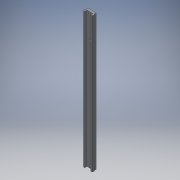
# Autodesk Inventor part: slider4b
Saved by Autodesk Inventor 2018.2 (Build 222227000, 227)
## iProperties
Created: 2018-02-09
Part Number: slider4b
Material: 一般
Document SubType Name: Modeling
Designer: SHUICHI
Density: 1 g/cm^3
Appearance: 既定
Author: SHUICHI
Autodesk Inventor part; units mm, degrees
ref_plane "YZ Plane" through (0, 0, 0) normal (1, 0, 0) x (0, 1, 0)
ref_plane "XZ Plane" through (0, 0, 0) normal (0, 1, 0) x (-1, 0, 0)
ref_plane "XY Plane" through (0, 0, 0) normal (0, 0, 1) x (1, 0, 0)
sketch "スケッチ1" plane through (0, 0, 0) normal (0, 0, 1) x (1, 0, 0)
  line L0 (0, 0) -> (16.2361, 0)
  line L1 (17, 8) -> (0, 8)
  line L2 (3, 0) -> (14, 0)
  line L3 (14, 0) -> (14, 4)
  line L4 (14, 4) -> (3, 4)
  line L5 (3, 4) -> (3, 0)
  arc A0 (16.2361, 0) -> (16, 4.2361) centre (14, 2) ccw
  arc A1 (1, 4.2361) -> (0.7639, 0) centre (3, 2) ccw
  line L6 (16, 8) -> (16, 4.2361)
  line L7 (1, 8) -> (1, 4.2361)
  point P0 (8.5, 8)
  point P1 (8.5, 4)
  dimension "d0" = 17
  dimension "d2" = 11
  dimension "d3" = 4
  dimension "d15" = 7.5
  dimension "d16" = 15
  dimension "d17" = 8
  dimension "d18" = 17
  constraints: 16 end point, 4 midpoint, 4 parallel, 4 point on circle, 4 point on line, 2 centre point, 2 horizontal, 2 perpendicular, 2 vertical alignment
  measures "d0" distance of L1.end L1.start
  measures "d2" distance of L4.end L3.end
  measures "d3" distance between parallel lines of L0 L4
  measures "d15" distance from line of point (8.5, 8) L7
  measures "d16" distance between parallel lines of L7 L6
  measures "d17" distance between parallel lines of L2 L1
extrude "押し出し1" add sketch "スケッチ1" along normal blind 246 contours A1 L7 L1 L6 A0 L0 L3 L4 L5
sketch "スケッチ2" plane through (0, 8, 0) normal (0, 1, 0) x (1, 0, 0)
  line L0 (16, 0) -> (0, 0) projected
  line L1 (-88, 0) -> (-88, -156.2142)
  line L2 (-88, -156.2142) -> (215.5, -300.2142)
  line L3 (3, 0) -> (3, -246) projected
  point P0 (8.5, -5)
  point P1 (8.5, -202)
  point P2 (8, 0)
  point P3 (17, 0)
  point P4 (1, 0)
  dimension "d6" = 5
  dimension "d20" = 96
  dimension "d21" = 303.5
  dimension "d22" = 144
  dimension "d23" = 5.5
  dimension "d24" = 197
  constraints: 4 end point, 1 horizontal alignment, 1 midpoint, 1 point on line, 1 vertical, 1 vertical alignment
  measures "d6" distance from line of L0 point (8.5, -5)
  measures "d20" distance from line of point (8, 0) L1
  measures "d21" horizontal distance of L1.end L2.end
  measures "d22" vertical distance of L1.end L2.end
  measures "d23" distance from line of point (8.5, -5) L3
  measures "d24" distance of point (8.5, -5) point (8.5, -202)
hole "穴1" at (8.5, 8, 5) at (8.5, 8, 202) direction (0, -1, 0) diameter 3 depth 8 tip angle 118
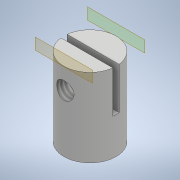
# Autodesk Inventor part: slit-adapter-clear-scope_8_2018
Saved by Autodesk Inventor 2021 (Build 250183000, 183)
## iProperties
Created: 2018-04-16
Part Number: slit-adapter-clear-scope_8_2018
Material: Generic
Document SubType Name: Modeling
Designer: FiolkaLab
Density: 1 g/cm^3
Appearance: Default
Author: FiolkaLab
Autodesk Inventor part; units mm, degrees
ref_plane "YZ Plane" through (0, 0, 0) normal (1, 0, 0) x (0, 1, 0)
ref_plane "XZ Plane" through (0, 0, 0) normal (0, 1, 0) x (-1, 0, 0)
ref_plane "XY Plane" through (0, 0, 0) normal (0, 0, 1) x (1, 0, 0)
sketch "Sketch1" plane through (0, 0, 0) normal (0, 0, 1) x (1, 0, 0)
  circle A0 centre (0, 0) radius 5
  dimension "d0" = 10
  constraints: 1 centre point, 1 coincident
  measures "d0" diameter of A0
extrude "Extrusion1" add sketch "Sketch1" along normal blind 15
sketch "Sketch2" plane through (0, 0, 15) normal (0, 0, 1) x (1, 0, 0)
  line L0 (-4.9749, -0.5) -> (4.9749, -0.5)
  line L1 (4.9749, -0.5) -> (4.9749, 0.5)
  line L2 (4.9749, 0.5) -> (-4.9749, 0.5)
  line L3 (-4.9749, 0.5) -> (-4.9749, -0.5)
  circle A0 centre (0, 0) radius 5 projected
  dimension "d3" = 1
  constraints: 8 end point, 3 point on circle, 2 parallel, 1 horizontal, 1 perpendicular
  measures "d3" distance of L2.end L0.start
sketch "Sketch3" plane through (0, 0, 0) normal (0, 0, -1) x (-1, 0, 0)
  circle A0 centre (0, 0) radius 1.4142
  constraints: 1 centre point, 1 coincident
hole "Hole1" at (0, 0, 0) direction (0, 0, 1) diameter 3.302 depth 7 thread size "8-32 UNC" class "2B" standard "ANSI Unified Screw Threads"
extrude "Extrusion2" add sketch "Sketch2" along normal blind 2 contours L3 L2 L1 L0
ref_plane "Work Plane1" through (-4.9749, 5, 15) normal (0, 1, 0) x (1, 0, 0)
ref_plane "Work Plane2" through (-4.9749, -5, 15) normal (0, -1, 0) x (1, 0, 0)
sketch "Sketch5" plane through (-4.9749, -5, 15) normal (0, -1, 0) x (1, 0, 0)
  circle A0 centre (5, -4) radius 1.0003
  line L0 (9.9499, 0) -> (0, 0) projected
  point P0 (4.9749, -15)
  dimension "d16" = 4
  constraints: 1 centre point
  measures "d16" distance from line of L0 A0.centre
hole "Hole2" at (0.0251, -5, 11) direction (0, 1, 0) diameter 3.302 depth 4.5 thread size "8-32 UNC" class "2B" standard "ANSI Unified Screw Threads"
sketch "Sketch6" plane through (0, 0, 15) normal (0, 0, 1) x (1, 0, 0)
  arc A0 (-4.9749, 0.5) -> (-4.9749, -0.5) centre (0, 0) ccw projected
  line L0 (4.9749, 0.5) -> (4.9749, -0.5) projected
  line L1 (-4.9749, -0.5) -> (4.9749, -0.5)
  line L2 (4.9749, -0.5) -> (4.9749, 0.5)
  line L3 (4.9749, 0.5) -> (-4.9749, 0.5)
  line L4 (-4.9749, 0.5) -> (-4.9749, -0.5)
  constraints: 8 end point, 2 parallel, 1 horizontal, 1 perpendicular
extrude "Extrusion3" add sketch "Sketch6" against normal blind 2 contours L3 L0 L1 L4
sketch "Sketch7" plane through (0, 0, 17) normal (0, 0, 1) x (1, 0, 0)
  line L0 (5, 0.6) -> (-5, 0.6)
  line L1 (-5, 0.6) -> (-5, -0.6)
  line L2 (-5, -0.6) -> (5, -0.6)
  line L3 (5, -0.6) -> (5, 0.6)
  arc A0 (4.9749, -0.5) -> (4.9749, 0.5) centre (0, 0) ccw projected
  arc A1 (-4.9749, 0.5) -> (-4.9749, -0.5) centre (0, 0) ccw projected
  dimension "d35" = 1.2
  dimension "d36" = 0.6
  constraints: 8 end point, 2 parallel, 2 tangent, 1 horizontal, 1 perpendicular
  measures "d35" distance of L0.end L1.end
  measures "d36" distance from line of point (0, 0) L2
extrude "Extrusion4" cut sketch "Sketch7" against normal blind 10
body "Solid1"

━━━━━━━━

**PROMPT**. Could you give the listing again exactly as it stands, minus any pictures?

**COMPLETED TASK**.
# Autodesk Inventor part: slider4b
Saved by Autodesk Inventor 2018.2 (Build 222227000, 227)
## iProperties
Created: 2018-02-09
Part Number: slider4b
Material: 一般
Document SubType Name: Modeling
Designer: SHUICHI
Density: 1 g/cm^3
Appearance: 既定
Author: SHUICHI
Autodesk Inventor part; units mm, degrees
ref_plane "YZ Plane" through (0, 0, 0) normal (1, 0, 0) x (0, 1, 0)
ref_plane "XZ Plane" through (0, 0, 0) normal (0, 1, 0) x (-1, 0, 0)
ref_plane "XY Plane" through (0, 0, 0) normal (0, 0, 1) x (1, 0, 0)
sketch "スケッチ1" plane through (0, 0, 0) normal (0, 0, 1) x (1, 0, 0)
  line L0 (0, 0) -> (16.2361, 0)
  line L1 (17, 8) -> (0, 8)
  line L2 (3, 0) -> (14, 0)
  line L3 (14, 0) -> (14, 4)
  line L4 (14, 4) -> (3, 4)
  line L5 (3, 4) -> (3, 0)
  arc A0 (16.2361, 0) -> (16, 4.2361) centre (14, 2) ccw
  arc A1 (1, 4.2361) -> (0.7639, 0) centre (3, 2) ccw
  line L6 (16, 8) -> (16, 4.2361)
  line L7 (1, 8) -> (1, 4.2361)
  point P0 (8.5, 8)
  point P1 (8.5, 4)
  dimension "d0" = 17
  dimension "d2" = 11
  dimension "d3" = 4
  dimension "d15" = 7.5
  dimension "d16" = 15
  dimension "d17" = 8
  dimension "d18" = 17
  constraints: 16 end point, 4 midpoint, 4 parallel, 4 point on circle, 4 point on line, 2 centre point, 2 horizontal, 2 perpendicular, 2 vertical alignment
  measures "d0" distance of L1.end L1.start
  measures "d2" distance of L4.end L3.end
  measures "d3" distance between parallel lines of L0 L4
  measures "d15" distance from line of point (8.5, 8) L7
  measures "d16" distance between parallel lines of L7 L6
  measures "d17" distance between parallel lines of L2 L1
extrude "押し出し1" add sketch "スケッチ1" along normal blind 246 contours A1 L7 L1 L6 A0 L0 L3 L4 L5
sketch "スケッチ2" plane through (0, 8, 0) normal (0, 1, 0) x (1, 0, 0)
  line L0 (16, 0) -> (0, 0) projected
  line L1 (-88, 0) -> (-88, -156.2142)
  line L2 (-88, -156.2142) -> (215.5, -300.2142)
  line L3 (3, 0) -> (3, -246) projected
  point P0 (8.5, -5)
  point P1 (8.5, -202)
  point P2 (8, 0)
  point P3 (17, 0)
  point P4 (1, 0)
  dimension "d6" = 5
  dimension "d20" = 96
  dimension "d21" = 303.5
  dimension "d22" = 144
  dimension "d23" = 5.5
  dimension "d24" = 197
  constraints: 4 end point, 1 horizontal alignment, 1 midpoint, 1 point on line, 1 vertical, 1 vertical alignment
  measures "d6" distance from line of L0 point (8.5, -5)
  measures "d20" distance from line of point (8, 0) L1
  measures "d21" horizontal distance of L1.end L2.end
  measures "d22" vertical distance of L1.end L2.end
  measures "d23" distance from line of point (8.5, -5) L3
  measures "d24" distance of point (8.5, -5) point (8.5, -202)
hole "穴1" at (8.5, 8, 5) at (8.5, 8, 202) direction (0, -1, 0) diameter 3 depth 8 tip angle 118
# Autodesk Inventor part: slit-adapter-clear-scope_8_2018
Saved by Autodesk Inventor 2021 (Build 250183000, 183)
## iProperties
Created: 2018-04-16
Part Number: slit-adapter-clear-scope_8_2018
Material: Generic
Document SubType Name: Modeling
Designer: FiolkaLab
Density: 1 g/cm^3
Appearance: Default
Author: FiolkaLab
Autodesk Inventor part; units mm, degrees
ref_plane "YZ Plane" through (0, 0, 0) normal (1, 0, 0) x (0, 1, 0)
ref_plane "XZ Plane" through (0, 0, 0) normal (0, 1, 0) x (-1, 0, 0)
ref_plane "XY Plane" through (0, 0, 0) normal (0, 0, 1) x (1, 0, 0)
sketch "Sketch1" plane through (0, 0, 0) normal (0, 0, 1) x (1, 0, 0)
  circle A0 centre (0, 0) radius 5
  dimension "d0" = 10
  constraints: 1 centre point, 1 coincident
  measures "d0" diameter of A0
extrude "Extrusion1" add sketch "Sketch1" along normal blind 15
sketch "Sketch2" plane through (0, 0, 15) normal (0, 0, 1) x (1, 0, 0)
  line L0 (-4.9749, -0.5) -> (4.9749, -0.5)
  line L1 (4.9749, -0.5) -> (4.9749, 0.5)
  line L2 (4.9749, 0.5) -> (-4.9749, 0.5)
  line L3 (-4.9749, 0.5) -> (-4.9749, -0.5)
  circle A0 centre (0, 0) radius 5 projected
  dimension "d3" = 1
  constraints: 8 end point, 3 point on circle, 2 parallel, 1 horizontal, 1 perpendicular
  measures "d3" distance of L2.end L0.start
sketch "Sketch3" plane through (0, 0, 0) normal (0, 0, -1) x (-1, 0, 0)
  circle A0 centre (0, 0) radius 1.4142
  constraints: 1 centre point, 1 coincident
hole "Hole1" at (0, 0, 0) direction (0, 0, 1) diameter 3.302 depth 7 thread size "8-32 UNC" class "2B" standard "ANSI Unified Screw Threads"
extrude "Extrusion2" add sketch "Sketch2" along normal blind 2 contours L3 L2 L1 L0
ref_plane "Work Plane1" through (-4.9749, 5, 15) normal (0, 1, 0) x (1, 0, 0)
ref_plane "Work Plane2" through (-4.9749, -5, 15) normal (0, -1, 0) x (1, 0, 0)
sketch "Sketch5" plane through (-4.9749, -5, 15) normal (0, -1, 0) x (1, 0, 0)
  circle A0 centre (5, -4) radius 1.0003
  line L0 (9.9499, 0) -> (0, 0) projected
  point P0 (4.9749, -15)
  dimension "d16" = 4
  constraints: 1 centre point
  measures "d16" distance from line of L0 A0.centre
hole "Hole2" at (0.0251, -5, 11) direction (0, 1, 0) diameter 3.302 depth 4.5 thread size "8-32 UNC" class "2B" standard "ANSI Unified Screw Threads"
sketch "Sketch6" plane through (0, 0, 15) normal (0, 0, 1) x (1, 0, 0)
  arc A0 (-4.9749, 0.5) -> (-4.9749, -0.5) centre (0, 0) ccw projected
  line L0 (4.9749, 0.5) -> (4.9749, -0.5) projected
  line L1 (-4.9749, -0.5) -> (4.9749, -0.5)
  line L2 (4.9749, -0.5) -> (4.9749, 0.5)
  line L3 (4.9749, 0.5) -> (-4.9749, 0.5)
  line L4 (-4.9749, 0.5) -> (-4.9749, -0.5)
  constraints: 8 end point, 2 parallel, 1 horizontal, 1 perpendicular
extrude "Extrusion3" add sketch "Sketch6" against normal blind 2 contours L3 L0 L1 L4
sketch "Sketch7" plane through (0, 0, 17) normal (0, 0, 1) x (1, 0, 0)
  line L0 (5, 0.6) -> (-5, 0.6)
  line L1 (-5, 0.6) -> (-5, -0.6)
  line L2 (-5, -0.6) -> (5, -0.6)
  line L3 (5, -0.6) -> (5, 0.6)
  arc A0 (4.9749, -0.5) -> (4.9749, 0.5) centre (0, 0) ccw projected
  arc A1 (-4.9749, 0.5) -> (-4.9749, -0.5) centre (0, 0) ccw projected
  dimension "d35" = 1.2
  dimension "d36" = 0.6
  constraints: 8 end point, 2 parallel, 2 tangent, 1 horizontal, 1 perpendicular
  measures "d35" distance of L0.end L1.end
  measures "d36" distance from line of point (0, 0) L2
extrude "Extrusion4" cut sketch "Sketch7" against normal blind 10
body "Solid1"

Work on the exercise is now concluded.